Ich hatte mich wahrscheinlich getäuscht, denn gerade, als ich hinter der Theke sauber machte und sah wie der letzte Kunde den Laden verließ, hörte ich das Klingeln, das erklang, wenn jemand den Laden betrat.
»Oh was ein Zufall« James musterte mich und ich schmiss genervt das Handtuch auf die Theke. »Was willst du hier?« Zischte ich drauf los und schaute ihn an. Wieso hatte er vor mich immer weiter zu quälen? Es tat mir doch jetzt schon weh, jeden meiner geliebten Menschen anzulügen. Wieso tat er mir das also an?
»Ich hätte gerne.. einen schwarzen Kaffe ohne Milch, ohne Zucker und 500 Euro.« Meine Augen weiteten sich. »Woher bitte soll ich 500 Euro kriegen?« Sein Blick schweifte zur Kasse und er schaute mich erwartungsvoll an. »Ich kann doch nicht..« fing ich an doch ich sah schon, wie er seine Waffe aus seiner Hose zog. Ich verfluchte gerade innerlich den Elektriker und die kaputte Kamera, die noch immer nichts funktionierte. Ich fand es erstaunlich, dass genau mich dieses Pech traf. Und das genau James ohne Beweise davon kommen könnte, wenn er mich jetzt erschoss. Und das war schon wieder einer dieser Momente, wo ich ihn genau unter die Lupe nahm. Auch wenn seine schönen, braunen Augen gefährlich im Dunkeln glitzerten, konnte ich mir einfach nicht vorstellen, dass er so böse war.
»Doch kannst du. Oder muss ich mich wiederholen?« Fragend schaute ich zu ihm. Schaute erwartend in seine Augen um zu erfahren, ob er wirklich so bösartig gewesen ist.
»Ich weiss wo du wohnst und ich werde alle umbringen wenn du nicht das tust was ich sage« merkte er schon zum hundertsten Mal in dieser Woche an und ich wusste es, weil diese Drohungen von ihm mich nachts bis in meine Träume verfolgten.
»Ich kann dich auch ganz einfach verraten James« sagte ich und knallte ihm den Kaffe vor seiner Nase auf den Tisch. »Und dann kommst du dahin wo du hin gehörst« brummte ich während ich erwartend meine Hand ausstreckte um Geld für den Kaffee zu bekommen.

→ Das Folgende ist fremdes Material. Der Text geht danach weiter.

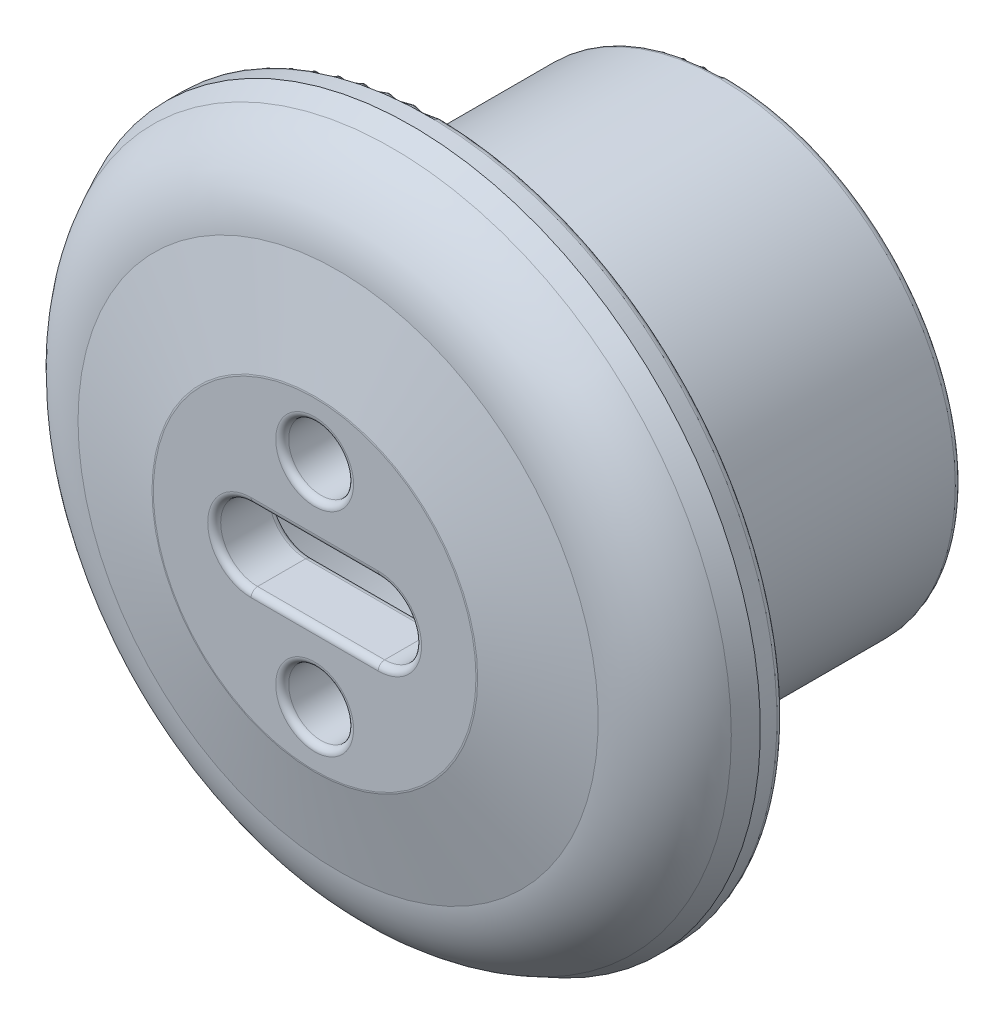
ISO-10303-21;
HEADER;
FILE_DESCRIPTION(('STEP AP214'),'2;1');
FILE_NAME('part.step','',(''),(''),'','','');
FILE_SCHEMA(('AUTOMOTIVE_DESIGN { 1 0 10303 214 1 1 1 1 }'));
ENDSEC;
DATA;
#1=APPLICATION_CONTEXT('core data for automotive mechanical design processes');
#2=APPLICATION_PROTOCOL_DEFINITION('international standard','automotive_design',2000,#1);
#3=PRODUCT_CONTEXT('',#1,'mechanical');
#4=PRODUCT('Part','Part','',(#3));
#5=PRODUCT_RELATED_PRODUCT_CATEGORY('part','',(#4));
#6=PRODUCT_DEFINITION_FORMATION('','',#4);
#7=PRODUCT_DEFINITION_CONTEXT('part definition',#1,'design');
#8=PRODUCT_DEFINITION('design','',#6,#7);
#9=PRODUCT_DEFINITION_SHAPE('','',#8);
#10=(LENGTH_UNIT() NAMED_UNIT(*) SI_UNIT(.MILLI.,.METRE.));
#11=(NAMED_UNIT(*) PLANE_ANGLE_UNIT() SI_UNIT($,.RADIAN.));
#12=(NAMED_UNIT(*) SI_UNIT($,.STERADIAN.) SOLID_ANGLE_UNIT());
#13=UNCERTAINTY_MEASURE_WITH_UNIT(LENGTH_MEASURE(1.E-05),#10,'distance_accuracy_value','');
#14=(GEOMETRIC_REPRESENTATION_CONTEXT(3) GLOBAL_UNCERTAINTY_ASSIGNED_CONTEXT((#13)) GLOBAL_UNIT_ASSIGNED_CONTEXT((#10,
#11,#12)) REPRESENTATION_CONTEXT('',''));
#15=CARTESIAN_POINT('',(0.,0.,0.));
#16=DIRECTION('',(0.,0.,1.));
#17=DIRECTION('',(1.,0.,0.));
#18=AXIS2_PLACEMENT_3D('',#15,#16,#17);
#19=CARTESIAN_POINT('',(0.,0.,0.));
#20=DIRECTION('',(0.,0.,1.));
#21=DIRECTION('',(1.,0.,0.));
#22=AXIS2_PLACEMENT_3D('',#19,#20,#21);
#23=PLANE('',#22);
#24=CARTESIAN_POINT('',(0.,0.,0.));
#25=DIRECTION('',(0.,0.,1.));
#26=DIRECTION('',(1.,0.,0.));
#27=AXIS2_PLACEMENT_3D('',#24,#25,#26);
#28=CIRCLE('',#27,4.97638891235121);
#29=CARTESIAN_POINT('',(4.97638891235121,0.,0.));
#30=VERTEX_POINT('',#29);
#31=EDGE_CURVE('E11',#30,#30,#28,.T.);
#32=ORIENTED_EDGE('',*,*,#31,.T.);
#33=EDGE_LOOP('',(#32));
#34=FACE_BOUND('',#33,.T.);
#35=CARTESIAN_POINT('',(1.95955224461386,0.,0.));
#36=DIRECTION('',(0.,0.,1.));
#37=DIRECTION('',(1.,0.,0.));
#38=AXIS2_PLACEMENT_3D('',#35,#36,#37);
#39=CIRCLE('',#38,1.33824518055594);
#40=CARTESIAN_POINT('',(1.95955224461386,1.33824518055594,0.));
#41=VERTEX_POINT('',#40);
#42=CARTESIAN_POINT('',(1.95955224461386,-1.33824518055594,0.));
#43=VERTEX_POINT('',#42);
#44=EDGE_CURVE('E57',#41,#43,#39,.F.);
#45=ORIENTED_EDGE('',*,*,#44,.T.);
#46=DIRECTION('',(1.,0.,0.));
#47=VECTOR('',#46,1.);
#48=CARTESIAN_POINT('',(-1.95955224461386,-1.33824518055594,0.));
#49=LINE('',#48,#47);
#50=CARTESIAN_POINT('',(-1.95955224461386,-1.33824518055594,0.));
#51=VERTEX_POINT('',#50);
#52=EDGE_CURVE('E49',#43,#51,#49,.F.);
#53=ORIENTED_EDGE('',*,*,#52,.T.);
#54=CARTESIAN_POINT('',(-1.95955224461386,0.,0.));
#55=DIRECTION('',(0.,0.,1.));
#56=DIRECTION('',(1.,0.,0.));
#57=AXIS2_PLACEMENT_3D('',#54,#55,#56);
#58=CIRCLE('',#57,1.33824518055594);
#59=CARTESIAN_POINT('',(-1.95955224461386,1.33824518055594,0.));
#60=VERTEX_POINT('',#59);
#61=EDGE_CURVE('E283',#51,#60,#58,.F.);
#62=ORIENTED_EDGE('',*,*,#61,.T.);
#63=DIRECTION('',(-1.,0.,0.));
#64=VECTOR('',#63,1.);
#65=CARTESIAN_POINT('',(1.95955224461386,1.33824518055594,0.));
#66=LINE('',#65,#64);
#67=EDGE_CURVE('E62',#60,#41,#66,.F.);
#68=ORIENTED_EDGE('',*,*,#67,.T.);
#69=EDGE_LOOP('',(#45,#53,#62,#68));
#70=FACE_BOUND('',#69,.T.);
#71=CARTESIAN_POINT('',(0.,3.27442446554471,0.));
#72=DIRECTION('',(0.,0.,1.));
#73=DIRECTION('',(1.,0.,0.));
#74=AXIS2_PLACEMENT_3D('',#71,#72,#73);
#75=CIRCLE('',#74,1.2);
#76=CARTESIAN_POINT('',(1.2,3.27442446554471,0.));
#77=VERTEX_POINT('',#76);
#78=EDGE_CURVE('E279',#77,#77,#75,.F.);
#79=ORIENTED_EDGE('',*,*,#78,.T.);
#80=EDGE_LOOP('',(#79));
#81=FACE_BOUND('',#80,.T.);
#82=CARTESIAN_POINT('',(0.,-3.27442446554471,0.));
#83=DIRECTION('',(0.,0.,1.));
#84=DIRECTION('',(1.,0.,0.));
#85=AXIS2_PLACEMENT_3D('',#82,#83,#84);
#86=CIRCLE('',#85,1.2);
#87=CARTESIAN_POINT('',(1.2,-3.27442446554471,0.));
#88=VERTEX_POINT('',#87);
#89=EDGE_CURVE('E275',#88,#88,#86,.F.);
#90=ORIENTED_EDGE('',*,*,#89,.T.);
#91=EDGE_LOOP('',(#90));
#92=FACE_BOUND('',#91,.T.);
#93=ADVANCED_FACE('F39',(#34,#70,#81,#92),#23,.T.);
#94=CARTESIAN_POINT('',(0.,0.,-0.723761069473712));
#95=DIRECTION('',(0.,0.,-1.));
#96=DIRECTION('',(-1.,0.,0.));
#97=AXIS2_PLACEMENT_3D('',#94,#95,#96);
#98=CONICAL_SURFACE('',#97,8.02262208103095,1.33577326733021);
#99=CARTESIAN_POINT('',(0.,0.,-0.00549820563210427));
#100=DIRECTION('',(0.,0.,1.));
#101=DIRECTION('',(1.,0.,0.));
#102=AXIS2_PLACEMENT_3D('',#99,#100,#101);
#103=CIRCLE('',#102,5.02296199457334);
#104=CARTESIAN_POINT('',(5.02296199457334,0.,-0.00549820563210427));
#105=VERTEX_POINT('',#104);
#106=EDGE_CURVE('E271',#105,#105,#103,.F.);
#107=ORIENTED_EDGE('',*,*,#106,.T.);
#108=EDGE_LOOP('',(#107));
#109=FACE_BOUND('',#108,.T.);
#110=CARTESIAN_POINT('',(0.,0.,-0.723761069473712));
#111=DIRECTION('',(0.,0.,-1.));
#112=DIRECTION('',(-1.,0.,0.));
#113=AXIS2_PLACEMENT_3D('',#110,#111,#112);
#114=CIRCLE('',#113,8.02262208103095);
#115=CARTESIAN_POINT('',(-8.02262208103095,0.,-0.723761069473712));
#116=VERTEX_POINT('',#115);
#117=EDGE_CURVE('E185',#116,#116,#114,.T.);
#118=ORIENTED_EDGE('',*,*,#117,.F.);
#119=EDGE_LOOP('',(#118));
#120=FACE_BOUND('',#119,.T.);
#121=ADVANCED_FACE('F325',(#109,#120),#98,.T.);
#122=CARTESIAN_POINT('',(0.,0.,-3.7122066964541));
#123=DIRECTION('',(0.,0.,-1.));
#124=DIRECTION('',(-1.,0.,0.));
#125=AXIS2_PLACEMENT_3D('',#122,#123,#124);
#126=TOROIDAL_SURFACE('',#125,7.7595769621221,3.);
#127=ORIENTED_EDGE('',*,*,#117,.T.);
#128=EDGE_LOOP('',(#127));
#129=FACE_BOUND('',#128,.T.);
#130=CARTESIAN_POINT('',(0.,0.,-2.39715239491272));
#131=DIRECTION('',(0.,0.,-1.));
#132=DIRECTION('',(-1.,0.,0.));
#133=AXIS2_PLACEMENT_3D('',#130,#131,#132);
#134=CIRCLE('',#133,10.4559879441494);
#135=CARTESIAN_POINT('',(-10.4559879441494,0.,-2.39715239491272));
#136=VERTEX_POINT('',#135);
#137=EDGE_CURVE('E181',#136,#136,#134,.T.);
#138=ORIENTED_EDGE('',*,*,#137,.F.);
#139=EDGE_LOOP('',(#138));
#140=FACE_BOUND('',#139,.T.);
#141=ADVANCED_FACE('F406',(#129,#140),#126,.T.);
#142=CARTESIAN_POINT('',(0.,0.,-3.));
#143=DIRECTION('',(0.,0.,-1.));
#144=DIRECTION('',(-1.,0.,0.));
#145=AXIS2_PLACEMENT_3D('',#142,#143,#144);
#146=CONICAL_SURFACE('',#145,10.75,0.453763672978369);
#147=ORIENTED_EDGE('',*,*,#137,.T.);
#148=EDGE_LOOP('',(#147));
#149=FACE_BOUND('',#148,.T.);
#150=CARTESIAN_POINT('',(0.,0.,-3.));
#151=DIRECTION('',(0.,0.,-1.));
#152=DIRECTION('',(-1.,0.,0.));
#153=AXIS2_PLACEMENT_3D('',#150,#151,#152);
#154=CIRCLE('',#153,10.75);
#155=CARTESIAN_POINT('',(-10.75,0.,-3.));
#156=VERTEX_POINT('',#155);
#157=EDGE_CURVE('E177',#156,#156,#154,.T.);
#158=ORIENTED_EDGE('',*,*,#157,.F.);
#159=EDGE_LOOP('',(#158));
#160=FACE_BOUND('',#159,.T.);
#161=ADVANCED_FACE('F402',(#149,#160),#146,.T.);
#162=CARTESIAN_POINT('',(0.,0.,-1.88250995795869));
#163=DIRECTION('',(0.,0.,-1.));
#164=DIRECTION('',(-1.,0.,0.));
#165=AXIS2_PLACEMENT_3D('',#162,#163,#164);
#166=CYLINDRICAL_SURFACE('',#165,10.75);
#167=CARTESIAN_POINT('',(0.,0.,-3.5122066964541));
#168=DIRECTION('',(0.,0.,-1.));
#169=DIRECTION('',(-1.,0.,0.));
#170=AXIS2_PLACEMENT_3D('',#167,#168,#169);
#171=CIRCLE('',#170,10.75);
#172=CARTESIAN_POINT('',(-10.75,0.,-3.5122066964541));
#173=VERTEX_POINT('',#172);
#174=EDGE_CURVE('E205',#173,#173,#171,.F.);
#175=ORIENTED_EDGE('',*,*,#174,.T.);
#176=EDGE_LOOP('',(#175));
#177=FACE_BOUND('',#176,.T.);
#178=ORIENTED_EDGE('',*,*,#157,.T.);
#179=EDGE_LOOP('',(#178));
#180=FACE_BOUND('',#179,.T.);
#181=ADVANCED_FACE('F398',(#177,#180),#166,.T.);
#182=CARTESIAN_POINT('',(0.,10.75,-3.7122066964541));
#183=DIRECTION('',(0.,0.,-1.));
#184=DIRECTION('',(-1.,0.,0.));
#185=AXIS2_PLACEMENT_3D('',#182,#183,#184);
#186=PLANE('',#185);
#187=CARTESIAN_POINT('',(0.,0.,-3.7122066964541));
#188=DIRECTION('',(0.,0.,-1.));
#189=DIRECTION('',(-1.,0.,0.));
#190=AXIS2_PLACEMENT_3D('',#187,#188,#189);
#191=CIRCLE('',#190,10.55);
#192=CARTESIAN_POINT('',(-10.55,0.,-3.7122066964541));
#193=VERTEX_POINT('',#192);
#194=EDGE_CURVE('E201',#193,#193,#191,.T.);
#195=ORIENTED_EDGE('',*,*,#194,.T.);
#196=EDGE_LOOP('',(#195));
#197=FACE_BOUND('',#196,.T.);
#198=CARTESIAN_POINT('',(0.,0.,-3.7122066964541));
#199=DIRECTION('',(0.,0.,-1.));
#200=DIRECTION('',(-1.,0.,0.));
#201=AXIS2_PLACEMENT_3D('',#198,#199,#200);
#202=CIRCLE('',#201,8.75);
#203=CARTESIAN_POINT('',(-8.75,0.,-3.7122066964541));
#204=VERTEX_POINT('',#203);
#205=EDGE_CURVE('E173',#204,#204,#202,.T.);
#206=ORIENTED_EDGE('',*,*,#205,.F.);
#207=EDGE_LOOP('',(#206));
#208=FACE_BOUND('',#207,.T.);
#209=ADVANCED_FACE('F394',(#197,#208),#186,.T.);
#210=CARTESIAN_POINT('',(0.,0.,-1.88250995795869));
#211=DIRECTION('',(0.,0.,-1.));
#212=DIRECTION('',(-1.,0.,0.));
#213=AXIS2_PLACEMENT_3D('',#210,#211,#212);
#214=CYLINDRICAL_SURFACE('',#213,8.75);
#215=CARTESIAN_POINT('',(0.,0.,-4.5122066964541));
#216=DIRECTION('',(0.,0.,-1.));
#217=DIRECTION('',(-1.,0.,0.));
#218=AXIS2_PLACEMENT_3D('',#215,#216,#217);
#219=CIRCLE('',#218,8.75);
#220=CARTESIAN_POINT('',(-8.75,0.,-4.5122066964541));
#221=VERTEX_POINT('',#220);
#222=EDGE_CURVE('E213',#221,#221,#219,.F.);
#223=ORIENTED_EDGE('',*,*,#222,.T.);
#224=EDGE_LOOP('',(#223));
#225=FACE_BOUND('',#224,.T.);
#226=ORIENTED_EDGE('',*,*,#205,.T.);
#227=EDGE_LOOP('',(#226));
#228=FACE_BOUND('',#227,.T.);
#229=ADVANCED_FACE('F390',(#225,#228),#214,.T.);
#230=CARTESIAN_POINT('',(0.,8.75,-4.7122066964541));
#231=DIRECTION('',(0.,0.,-1.));
#232=DIRECTION('',(-1.,0.,0.));
#233=AXIS2_PLACEMENT_3D('',#230,#231,#232);
#234=PLANE('',#233);
#235=CARTESIAN_POINT('',(0.,0.,-4.7122066964541));
#236=DIRECTION('',(0.,0.,-1.));
#237=DIRECTION('',(-1.,0.,0.));
#238=AXIS2_PLACEMENT_3D('',#235,#236,#237);
#239=CIRCLE('',#238,8.55);
#240=CARTESIAN_POINT('',(-8.55,0.,-4.7122066964541));
#241=VERTEX_POINT('',#240);
#242=EDGE_CURVE('E209',#241,#241,#239,.T.);
#243=ORIENTED_EDGE('',*,*,#242,.T.);
#244=EDGE_LOOP('',(#243));
#245=FACE_BOUND('',#244,.T.);
#246=CARTESIAN_POINT('',(0.,0.,-4.7122066964541));
#247=DIRECTION('',(0.,0.,-1.));
#248=DIRECTION('',(-1.,0.,0.));
#249=AXIS2_PLACEMENT_3D('',#246,#247,#248);
#250=CIRCLE('',#249,7.25);
#251=CARTESIAN_POINT('',(-7.25,0.,-4.7122066964541));
#252=VERTEX_POINT('',#251);
#253=EDGE_CURVE('E169',#252,#252,#250,.T.);
#254=ORIENTED_EDGE('',*,*,#253,.F.);
#255=EDGE_LOOP('',(#254));
#256=FACE_BOUND('',#255,.T.);
#257=ADVANCED_FACE('F386',(#245,#256),#234,.T.);
#258=CARTESIAN_POINT('',(0.,0.,-1.88250995795869));
#259=DIRECTION('',(0.,0.,-1.));
#260=DIRECTION('',(-1.,0.,0.));
#261=AXIS2_PLACEMENT_3D('',#258,#259,#260);
#262=CYLINDRICAL_SURFACE('',#261,7.25);
#263=CARTESIAN_POINT('',(0.,0.,-12.5122066964541));
#264=DIRECTION('',(0.,0.,-1.));
#265=DIRECTION('',(-1.,0.,0.));
#266=AXIS2_PLACEMENT_3D('',#263,#264,#265);
#267=CIRCLE('',#266,7.25);
#268=CARTESIAN_POINT('',(-7.25,0.,-12.5122066964541));
#269=VERTEX_POINT('',#268);
#270=EDGE_CURVE('E217',#269,#269,#267,.F.);
#271=ORIENTED_EDGE('',*,*,#270,.T.);
#272=EDGE_LOOP('',(#271));
#273=FACE_BOUND('',#272,.T.);
#274=ORIENTED_EDGE('',*,*,#253,.T.);
#275=EDGE_LOOP('',(#274));
#276=FACE_BOUND('',#275,.T.);
#277=ADVANCED_FACE('F382',(#273,#276),#262,.T.);
#278=CARTESIAN_POINT('',(0.,7.25,-12.7122066964541));
#279=DIRECTION('',(0.,0.,-1.));
#280=DIRECTION('',(-1.,0.,0.));
#281=AXIS2_PLACEMENT_3D('',#278,#279,#280);
#282=PLANE('',#281);
#283=CARTESIAN_POINT('',(0.,0.,-12.7122066964541));
#284=DIRECTION('',(0.,0.,-1.));
#285=DIRECTION('',(-1.,0.,0.));
#286=AXIS2_PLACEMENT_3D('',#283,#284,#285);
#287=CIRCLE('',#286,6.45);
#288=CARTESIAN_POINT('',(-6.45,0.,-12.7122066964541));
#289=VERTEX_POINT('',#288);
#290=EDGE_CURVE('E197',#289,#289,#287,.F.);
#291=ORIENTED_EDGE('',*,*,#290,.T.);
#292=EDGE_LOOP('',(#291));
#293=FACE_BOUND('',#292,.T.);
#294=CARTESIAN_POINT('',(0.,0.,-12.7122066964541));
#295=DIRECTION('',(0.,0.,-1.));
#296=DIRECTION('',(-1.,0.,0.));
#297=AXIS2_PLACEMENT_3D('',#294,#295,#296);
#298=CIRCLE('',#297,7.05);
#299=CARTESIAN_POINT('',(-7.05,0.,-12.7122066964541));
#300=VERTEX_POINT('',#299);
#301=EDGE_CURVE('E193',#300,#300,#298,.T.);
#302=ORIENTED_EDGE('',*,*,#301,.T.);
#303=EDGE_LOOP('',(#302));
#304=FACE_BOUND('',#303,.T.);
#305=ADVANCED_FACE('F378',(#293,#304),#282,.T.);
#306=CARTESIAN_POINT('',(0.,0.,-1.88250995795869));
#307=DIRECTION('',(0.,0.,-1.));
#308=DIRECTION('',(-1.,0.,0.));
#309=AXIS2_PLACEMENT_3D('',#306,#307,#308);
#310=CYLINDRICAL_SURFACE('',#309,6.25);
#311=CARTESIAN_POINT('',(0.,0.,-12.5122066964541));
#312=DIRECTION('',(0.,0.,-1.));
#313=DIRECTION('',(-1.,0.,0.));
#314=AXIS2_PLACEMENT_3D('',#311,#312,#313);
#315=CIRCLE('',#314,6.25);
#316=CARTESIAN_POINT('',(-6.25,0.,-12.5122066964541));
#317=VERTEX_POINT('',#316);
#318=EDGE_CURVE('E189',#317,#317,#315,.T.);
#319=ORIENTED_EDGE('',*,*,#318,.T.);
#320=EDGE_LOOP('',(#319));
#321=FACE_BOUND('',#320,.T.);
#322=CARTESIAN_POINT('',(0.,0.,-2.88250995795869));
#323=DIRECTION('',(0.,0.,-1.));
#324=DIRECTION('',(-1.,0.,0.));
#325=AXIS2_PLACEMENT_3D('',#322,#323,#324);
#326=CIRCLE('',#325,6.25);
#327=CARTESIAN_POINT('',(-6.25,0.,-2.88250995795869));
#328=VERTEX_POINT('',#327);
#329=EDGE_CURVE('E165',#328,#328,#326,.T.);
#330=ORIENTED_EDGE('',*,*,#329,.F.);
#331=EDGE_LOOP('',(#330));
#332=FACE_BOUND('',#331,.T.);
#333=ADVANCED_FACE('F374',(#321,#332),#310,.F.);
#334=CARTESIAN_POINT('',(0.,0.,-2.88250995795869));
#335=DIRECTION('',(0.,0.,-1.));
#336=DIRECTION('',(-1.,0.,0.));
#337=AXIS2_PLACEMENT_3D('',#334,#335,#336);
#338=TOROIDAL_SURFACE('',#337,5.25,1.);
#339=ORIENTED_EDGE('',*,*,#329,.T.);
#340=EDGE_LOOP('',(#339));
#341=FACE_BOUND('',#340,.T.);
#342=CARTESIAN_POINT('',(0.,0.,-1.88250995795869));
#343=DIRECTION('',(0.,0.,-1.));
#344=DIRECTION('',(-1.,0.,0.));
#345=AXIS2_PLACEMENT_3D('',#342,#343,#344);
#346=CIRCLE('',#345,5.25);
#347=CARTESIAN_POINT('',(-5.25,0.,-1.88250995795869));
#348=VERTEX_POINT('',#347);
#349=EDGE_CURVE('E153',#348,#348,#346,.T.);
#350=ORIENTED_EDGE('',*,*,#349,.F.);
#351=EDGE_LOOP('',(#350));
#352=FACE_BOUND('',#351,.T.);
#353=ADVANCED_FACE('F370',(#341,#352),#338,.F.);
#354=CARTESIAN_POINT('',(0.,5.25,-1.88250995795869));
#355=DIRECTION('',(0.,0.,-1.));
#356=DIRECTION('',(-1.,0.,0.));
#357=AXIS2_PLACEMENT_3D('',#354,#355,#356);
#358=PLANE('',#357);
#359=CARTESIAN_POINT('',(1.95955224461386,0.,-1.88250995795869));
#360=DIRECTION('',(0.,0.,-1.));
#361=DIRECTION('',(-1.,0.,0.));
#362=AXIS2_PLACEMENT_3D('',#359,#360,#361);
#363=CIRCLE('',#362,1.33824518055594);
#364=CARTESIAN_POINT('',(1.95955224461386,-1.33824518055594,-1.88250995795869));
#365=VERTEX_POINT('',#364);
#366=CARTESIAN_POINT('',(1.95955224461386,1.33824518055594,-1.88250995795869));
#367=VERTEX_POINT('',#366);
#368=EDGE_CURVE('E236',#365,#367,#363,.F.);
#369=ORIENTED_EDGE('',*,*,#368,.T.);
#370=DIRECTION('',(1.,0.,0.));
#371=VECTOR('',#370,1.);
#372=CARTESIAN_POINT('',(-1.95955224461386,1.33824518055594,-1.88250995795869));
#373=LINE('',#372,#371);
#374=CARTESIAN_POINT('',(-1.95955224461386,1.33824518055594,-1.88250995795869));
#375=VERTEX_POINT('',#374);
#376=EDGE_CURVE('E114',#367,#375,#373,.F.);
#377=ORIENTED_EDGE('',*,*,#376,.T.);
#378=CARTESIAN_POINT('',(-1.95955224461386,0.,-1.88250995795869));
#379=DIRECTION('',(0.,0.,-1.));
#380=DIRECTION('',(-1.,0.,0.));
#381=AXIS2_PLACEMENT_3D('',#378,#379,#380);
#382=CIRCLE('',#381,1.33824518055594);
#383=CARTESIAN_POINT('',(-1.95955224461386,-1.33824518055594,-1.88250995795869));
#384=VERTEX_POINT('',#383);
#385=EDGE_CURVE('E230',#375,#384,#382,.F.);
#386=ORIENTED_EDGE('',*,*,#385,.T.);
#387=DIRECTION('',(-1.,0.,0.));
#388=VECTOR('',#387,1.);
#389=CARTESIAN_POINT('',(1.95955224461386,-1.33824518055594,-1.88250995795869));
#390=LINE('',#389,#388);
#391=EDGE_CURVE('E233',#384,#365,#390,.F.);
#392=ORIENTED_EDGE('',*,*,#391,.T.);
#393=EDGE_LOOP('',(#369,#377,#386,#392));
#394=FACE_BOUND('',#393,.T.);
#395=CARTESIAN_POINT('',(0.,3.27442446554471,-1.88250995795869));
#396=DIRECTION('',(0.,0.,-1.));
#397=DIRECTION('',(-1.,0.,0.));
#398=AXIS2_PLACEMENT_3D('',#395,#396,#397);
#399=CIRCLE('',#398,1.2);
#400=CARTESIAN_POINT('',(-1.2,3.27442446554471,-1.88250995795869));
#401=VERTEX_POINT('',#400);
#402=EDGE_CURVE('E226',#401,#401,#399,.F.);
#403=ORIENTED_EDGE('',*,*,#402,.T.);
#404=EDGE_LOOP('',(#403));
#405=FACE_BOUND('',#404,.T.);
#406=CARTESIAN_POINT('',(0.,-3.27442446554471,-1.88250995795869));
#407=DIRECTION('',(0.,0.,-1.));
#408=DIRECTION('',(-1.,0.,0.));
#409=AXIS2_PLACEMENT_3D('',#406,#407,#408);
#410=CIRCLE('',#409,1.2);
#411=CARTESIAN_POINT('',(-1.2,-3.27442446554471,-1.88250995795869));
#412=VERTEX_POINT('',#411);
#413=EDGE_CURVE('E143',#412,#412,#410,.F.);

Er lachte auf und griff nach dem Becher. »Aber bis sie mich gefunden haben, war ich schon längst in eurem Laden und habe deine Eltern erschossen.«
Mein Herz sprang fast aus meiner Brust und mit seiner anderen Hand zielte er mit der Waffe wieder auf mir. »Ich warte noch auf meine Bestellung« ich schaute zur Kasse. Ich wusste das er es ernst meinte, und ich musste meine Eltern beschützen, komme was wolle. Ich öffnete sie und gab ihm 500 Euro aus der Kasse. Schockiert über mich selbst, sah ich, dass er die Waffe kein Stück bewegte. Sondern er zielte sie auf die Kamera an der Decke. Ein lauter Knall ertönte, wo zu lauter. Ich tastete mich ab um zu sehen ob ich noch lebte. Aber er hatte die Kamera erschossen, nicht mich. Und ich fragte mich wieso er diesen Aufwand erzeugte, wenn er offensichtlich sah, dass sie nicht einmal funktionierte und von losen kabeln umgeben war.
»Bis dann und grüß deine Eltern von mir. Lockwood müssten sie sicherlich kennen.« Er zwinkerte mir zu und verschwand aus dem Laden. Ich überlegte was ich machen sollte, doch ich wusste das mir nichts übrig blieb, außer die Polizei zu rufen und es so aussehen zu lassen, als wäre das ein Dieb gewesen. Aber wer würde mir abkaufen, dass er nur 500 Euro wollte? Und wer würde mir überhaupt noch glauben, nachdem auch unser Diner ausgeraubt worden ist?
Und das schlimmste an allen war die Tatsache, dass er meine Eltern zu kennen schien.